Até mesmo a fragilidade aparece no caminho dos escolhidos. Isso ensina vigilância e humildade. A subida continua ao longo da vida, sempre convidando a consciência a retornar ao alto, onde o ser se alinha, a escolha se purifica e o agir encontra sentido duradouro.


EXPLICAÇÃO TEOLÓGICA

A partir do versículo do Evangelho segundo Marcos 3,14, onde se afirma que Ele os constitui para estar com Ele antes de enviá-los, apresenta-se uma chave essencial para compreender a ordem profunda da vida espiritual.

A precedência do estar sobre o agir
O texto revela que a constituição dos chamados não começa pela tarefa, mas pela permanência. Estar com Ele não é simples proximidade física, mas participação em um nível mais alto de sentido. O agir correto não nasce da urgência nem da pressão externa, mas de uma interioridade já ordenada. Quando o ser encontra seu fundamento, a ação surge com justeza e medida.

O eixo que sustenta a consciência
O estar com Ele ocorre fora da sucessão comum dos instantes. Trata-se de um plano onde a consciência se ancora no princípio que a sustenta. Nesse ponto, a instabilidade do tempo corrente perde domínio, e a pessoa passa a agir a partir de uma referência estável, não sujeita às oscilações do momento.

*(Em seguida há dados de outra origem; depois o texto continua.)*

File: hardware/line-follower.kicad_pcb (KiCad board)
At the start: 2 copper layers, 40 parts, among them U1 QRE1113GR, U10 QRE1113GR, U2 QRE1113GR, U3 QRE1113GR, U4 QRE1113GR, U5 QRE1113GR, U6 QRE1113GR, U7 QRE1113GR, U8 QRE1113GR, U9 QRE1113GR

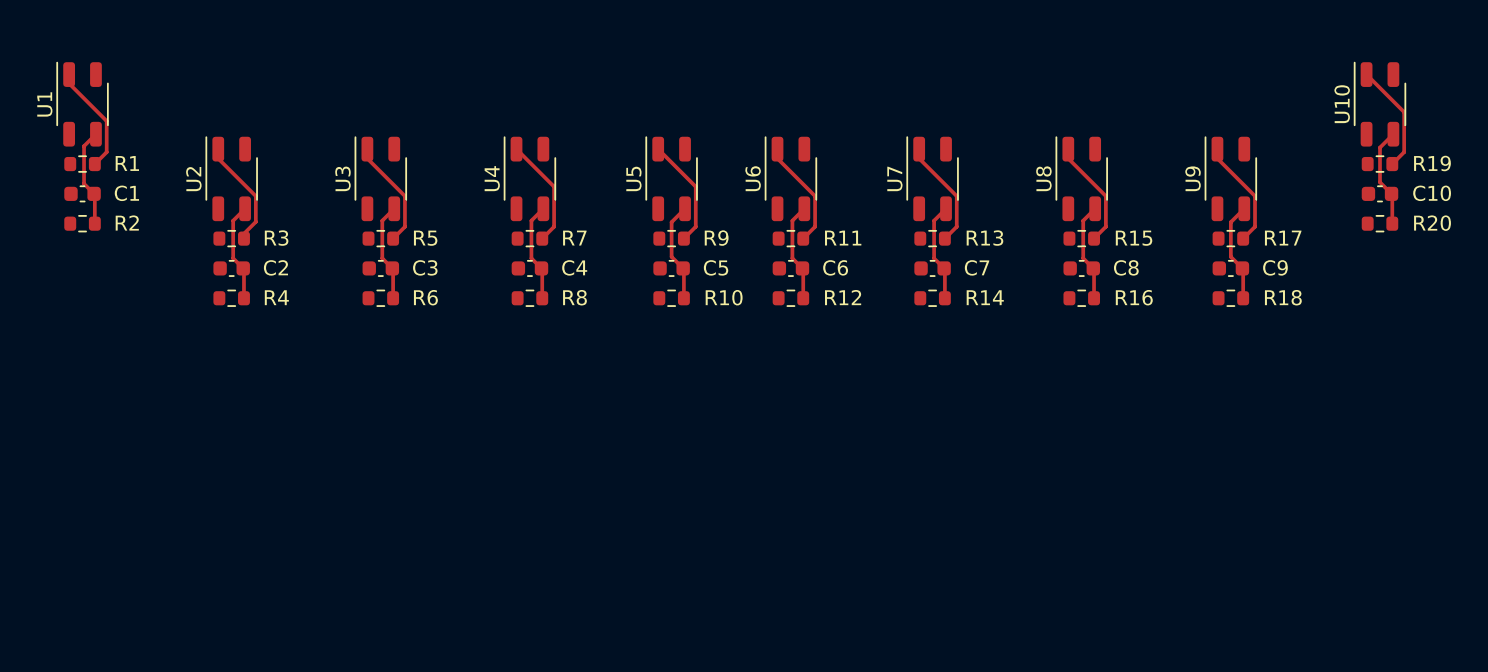
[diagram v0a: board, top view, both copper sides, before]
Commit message: array wiring
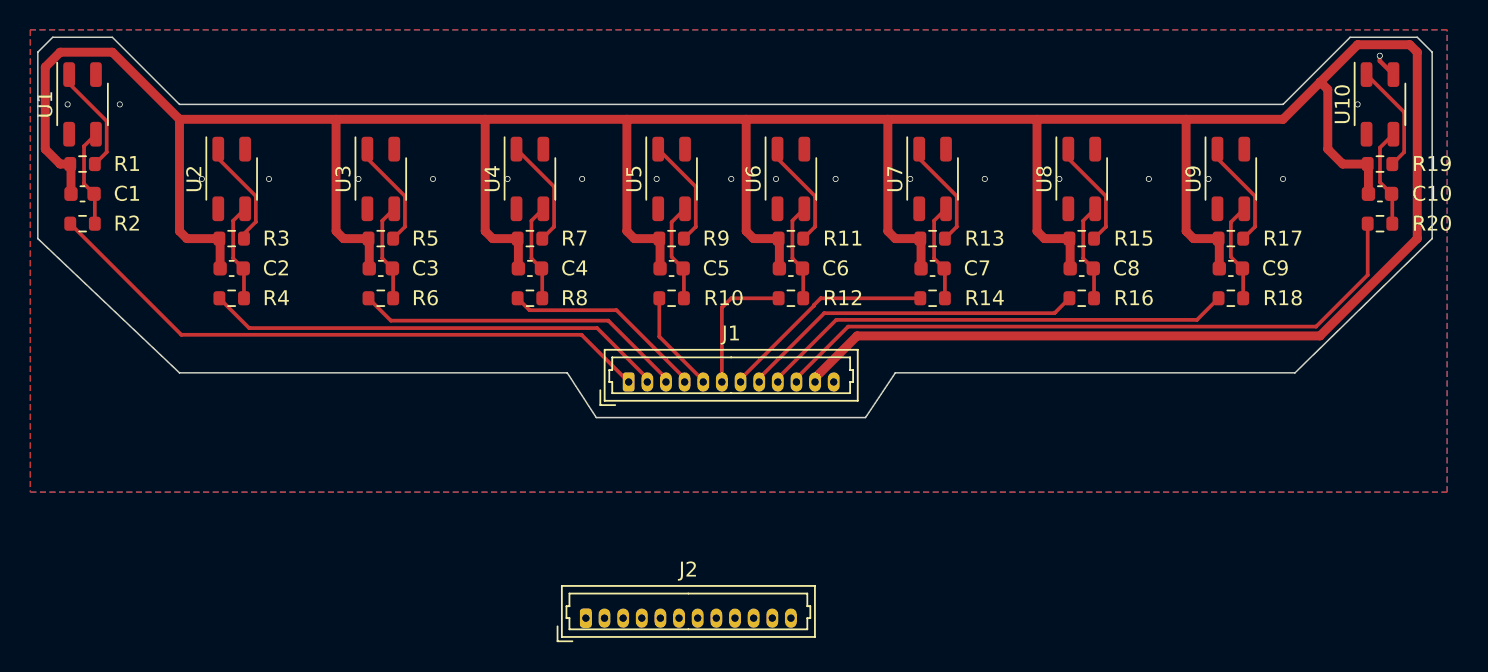
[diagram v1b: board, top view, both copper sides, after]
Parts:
- added J1: Conn_01x12, Connector_Molex:Molex_PicoBlade_53047-1210_1x12_P1.25mm_Vertical, F.Cu at (93.1, 73.6)
- added J2: Conn_01x12, Connector_Molex:Molex_PicoBlade_53047-1210_1x12_P1.25mm_Vertical, F.Cu at (90.2, 89.5)
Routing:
- net +5V: track 0.00 -> 268.7 mm
- net OUT10: track 0.00 -> 44.9 mm
- net OUT1: track 0.00 -> 41.8 mm
- net OUT9: track 0.00 -> 32.0 mm
- net OUT2: track 0.00 -> 31.2 mm
- net OUT8: track 0.00 -> 23.3 mm
- net OUT3: track 0.00 -> 22.4 mm
- net OUT7: track 0.00 -> 14.5 mm
- net OUT4: track 0.00 -> 13.7 mm
- net OUT6: track 0.00 -> 9.05 mm
- net OUT5: track 0.00 -> 6.94 mm
- net GND: track 0.00 -> 1.64 mm, vias 0 -> 20
- added copper zone on B.Cu, net GND
- added copper zone on F.Cu, net GND
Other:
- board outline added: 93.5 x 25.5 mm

O envio como consequência e não como imposição
O envio não é ruptura, mas desdobramento. Quem permanece junto da Fonte não precisa ser compelido a agir. A palavra anunciada nasce como consequência natural do alinhamento interior. Assim, a missão não se impõe como peso, mas manifesta uma coerência já amadurecida no silêncio e na fidelidade ao centro.

Unidade interior e retidão do caminho
Essa dinâmica preserva a dignidade da pessoa e orienta suas relações fundamentais, inclusive no seio da família, onde se aprende a permanência, a escuta e a responsabilidade. A retidão do caminho não depende da multiplicação de ações, mas da constância em permanecer ligado ao princípio que dá sentido a todas elas.